TASK TO CARRY OUT -> Please transcribe the data below in full, word for word, without the images.

RECORDS TO PROCESS ->

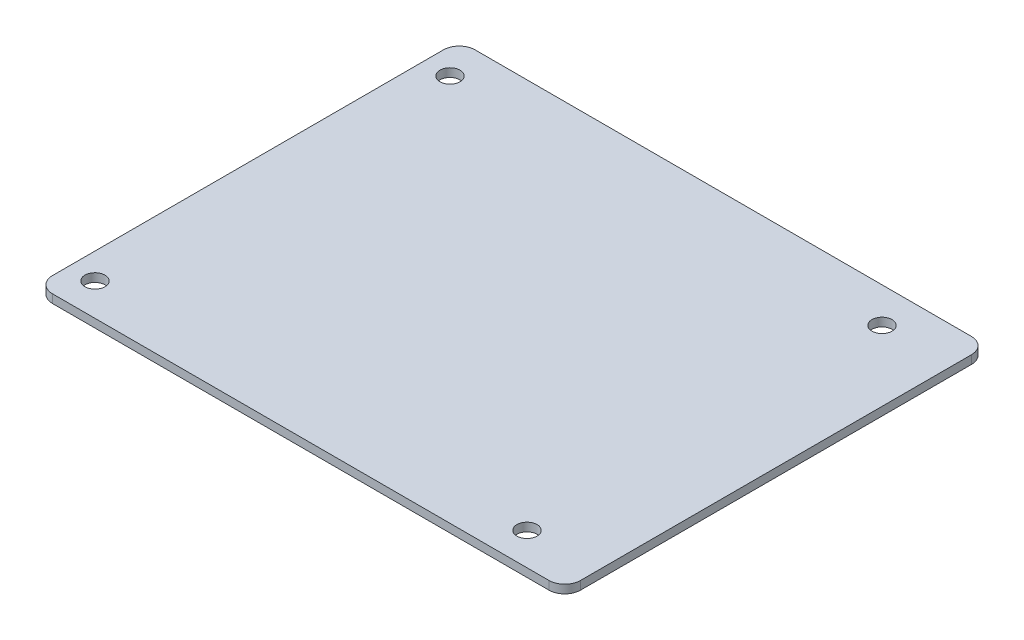
from build123d import *

# Parameters (mm, degrees)
SKETCH1_W           = 100.12
SKETCH1_H           = 80.12
BOSS_EXTRUDE1_DEPTH = 0.8
FILLET1_R           = 3
CUT_EXTRUDE1_REACH  = 66.136
SKETCH2_R           = 1.905


with BuildPart() as part:
    # Sketch1 → Boss-Extrude1 (new, symmetric)
    with BuildSketch(Plane(origin=(0, 0, 0), x_dir=(1, 0, 0), z_dir=(0, 1, 0))):
        Rectangle(SKETCH1_W, SKETCH1_H)
    extrude(amount=BOSS_EXTRUDE1_DEPTH, both=True)

    # Fillet1
    fillet1_edges = [part.edges().sort_by_distance(p)[0] for p in [
        (-50.06, 0, -40.06),
        (50.06, 0, -40.06),
        (50.06, 0, 40.06),
        (-50.06, 0, 40.06),
    ]]
    fillet(fillet1_edges, radius=FILLET1_R)

    # Sketch2 → Cut-Extrude1 (cut, up to next)
    with BuildSketch(Plane(origin=(0, 0.8, 0), x_dir=(1, 0, 0), z_dir=(0, 1, 0)), mode=Mode.PRIVATE) as cut_extrude1_sk1:
        with Locations(Location((-45.155, 33.3925, 0), (0, 0, 270))):
            Circle(SKETCH2_R)
    cut_extrude1_tool1 = extrude(cut_extrude1_sk1.sketch, amount=-CUT_EXTRUDE1_REACH, mode=Mode.PRIVATE) & part.part
    # Sketch2 → Cut-Extrude1 (cut, up to next)
    with BuildSketch(Plane(origin=(0, 0.8, 0), x_dir=(1, 0, 0), z_dir=(0, 1, 0)), mode=Mode.PRIVATE) as cut_extrude1_sk2:
        with Locations(Location((-45.155, -33.9175, 0), (0, 0, 270))):
            Circle(SKETCH2_R)
    cut_extrude1_tool2 = extrude(cut_extrude1_sk2.sketch, amount=-CUT_EXTRUDE1_REACH, mode=Mode.PRIVATE) & part.part
    # Sketch2 → Cut-Extrude1 (cut, up to next)
    with BuildSketch(Plane(origin=(0, 0.8, 0), x_dir=(1, 0, 0), z_dir=(0, 1, 0)), mode=Mode.PRIVATE) as cut_extrude1_sk3:
        with Locations(Location((36.76, -33.9175, 0), (0, 0, 270))):
            Circle(SKETCH2_R)
    cut_extrude1_tool3 = extrude(cut_extrude1_sk3.sketch, amount=-CUT_EXTRUDE1_REACH, mode=Mode.PRIVATE) & part.part
    # Sketch2 → Cut-Extrude1 (cut, up to next)
    with BuildSketch(Plane(origin=(0, 0.8, 0), x_dir=(1, 0, 0), z_dir=(0, 1, 0)), mode=Mode.PRIVATE) as cut_extrude1_sk4:
        with Locations(Location((36.76, 33.3925, 0), (0, 0, 270))):
            Circle(SKETCH2_R)
    cut_extrude1_tool4 = extrude(cut_extrude1_sk4.sketch, amount=-CUT_EXTRUDE1_REACH, mode=Mode.PRIVATE) & part.part
    add(cut_extrude1_tool1.solids().sort_by_distance((-45.155, 0.8, -33.3925))[0], mode=Mode.SUBTRACT)
    add(cut_extrude1_tool2.solids().sort_by_distance((-45.155, 0.8, 33.9175))[0], mode=Mode.SUBTRACT)
    add(cut_extrude1_tool3.solids().sort_by_distance((36.76, 0.8, 33.9175))[0], mode=Mode.SUBTRACT)
    add(cut_extrude1_tool4.solids().sort_by_distance((36.76, 0.8, -33.3925))[0], mode=Mode.SUBTRACT)


solid = part.part

RESPONSE TO THIS TASK ->
from build123d import *

# Parameters (mm, degrees)
SKETCH1_W           = 100.12
SKETCH1_H           = 80.12
BOSS_EXTRUDE1_DEPTH = 0.8
FILLET1_R           = 3
CUT_EXTRUDE1_REACH  = 66.136
SKETCH2_R           = 1.905


with BuildPart() as part:
    # Sketch1 → Boss-Extrude1 (new, symmetric)
    with BuildSketch(Plane(origin=(0, 0, 0), x_dir=(1, 0, 0), z_dir=(0, 1, 0))):
        Rectangle(SKETCH1_W, SKETCH1_H)
    extrude(amount=BOSS_EXTRUDE1_DEPTH, both=True)

    # Fillet1
    fillet1_edges = [part.edges().sort_by_distance(p)[0] for p in [
        (-50.06, 0, -40.06),
        (50.06, 0, -40.06),
        (50.06, 0, 40.06),
        (-50.06, 0, 40.06),
    ]]
    fillet(fillet1_edges, radius=FILLET1_R)

    # Sketch2 → Cut-Extrude1 (cut, up to next)
    with BuildSketch(Plane(origin=(0, 0.8, 0), x_dir=(1, 0, 0), z_dir=(0, 1, 0)), mode=Mode.PRIVATE) as cut_extrude1_sk1:
        with Locations(Location((-45.155, 33.3925, 0), (0, 0, 270))):
            Circle(SKETCH2_R)
    cut_extrude1_tool1 = extrude(cut_extrude1_sk1.sketch, amount=-CUT_EXTRUDE1_REACH, mode=Mode.PRIVATE) & part.part
    # Sketch2 → Cut-Extrude1 (cut, up to next)
    with BuildSketch(Plane(origin=(0, 0.8, 0), x_dir=(1, 0, 0), z_dir=(0, 1, 0)), mode=Mode.PRIVATE) as cut_extrude1_sk2:
        with Locations(Location((-45.155, -33.9175, 0), (0, 0, 270))):
            Circle(SKETCH2_R)
    cut_extrude1_tool2 = extrude(cut_extrude1_sk2.sketch, amount=-CUT_EXTRUDE1_REACH, mode=Mode.PRIVATE) & part.part
    # Sketch2 → Cut-Extrude1 (cut, up to next)
    with BuildSketch(Plane(origin=(0, 0.8, 0), x_dir=(1, 0, 0), z_dir=(0, 1, 0)), mode=Mode.PRIVATE) as cut_extrude1_sk3:
        with Locations(Location((36.76, -33.9175, 0), (0, 0, 270))):
            Circle(SKETCH2_R)
    cut_extrude1_tool3 = extrude(cut_extrude1_sk3.sketch, amount=-CUT_EXTRUDE1_REACH, mode=Mode.PRIVATE) & part.part
    # Sketch2 → Cut-Extrude1 (cut, up to next)
    with BuildSketch(Plane(origin=(0, 0.8, 0), x_dir=(1, 0, 0), z_dir=(0, 1, 0)), mode=Mode.PRIVATE) as cut_extrude1_sk4:
        with Locations(Location((36.76, 33.3925, 0), (0, 0, 270))):
            Circle(SKETCH2_R)
    cut_extrude1_tool4 = extrude(cut_extrude1_sk4.sketch, amount=-CUT_EXTRUDE1_REACH, mode=Mode.PRIVATE) & part.part
    add(cut_extrude1_tool1.solids().sort_by_distance((-45.155, 0.8, -33.3925))[0], mode=Mode.SUBTRACT)
    add(cut_extrude1_tool2.solids().sort_by_distance((-45.155, 0.8, 33.9175))[0], mode=Mode.SUBTRACT)
    add(cut_extrude1_tool3.solids().sort_by_distance((36.76, 0.8, 33.9175))[0], mode=Mode.SUBTRACT)
    add(cut_extrude1_tool4.solids().sort_by_distance((36.76, 0.8, -33.3925))[0], mode=Mode.SUBTRACT)


solid = part.part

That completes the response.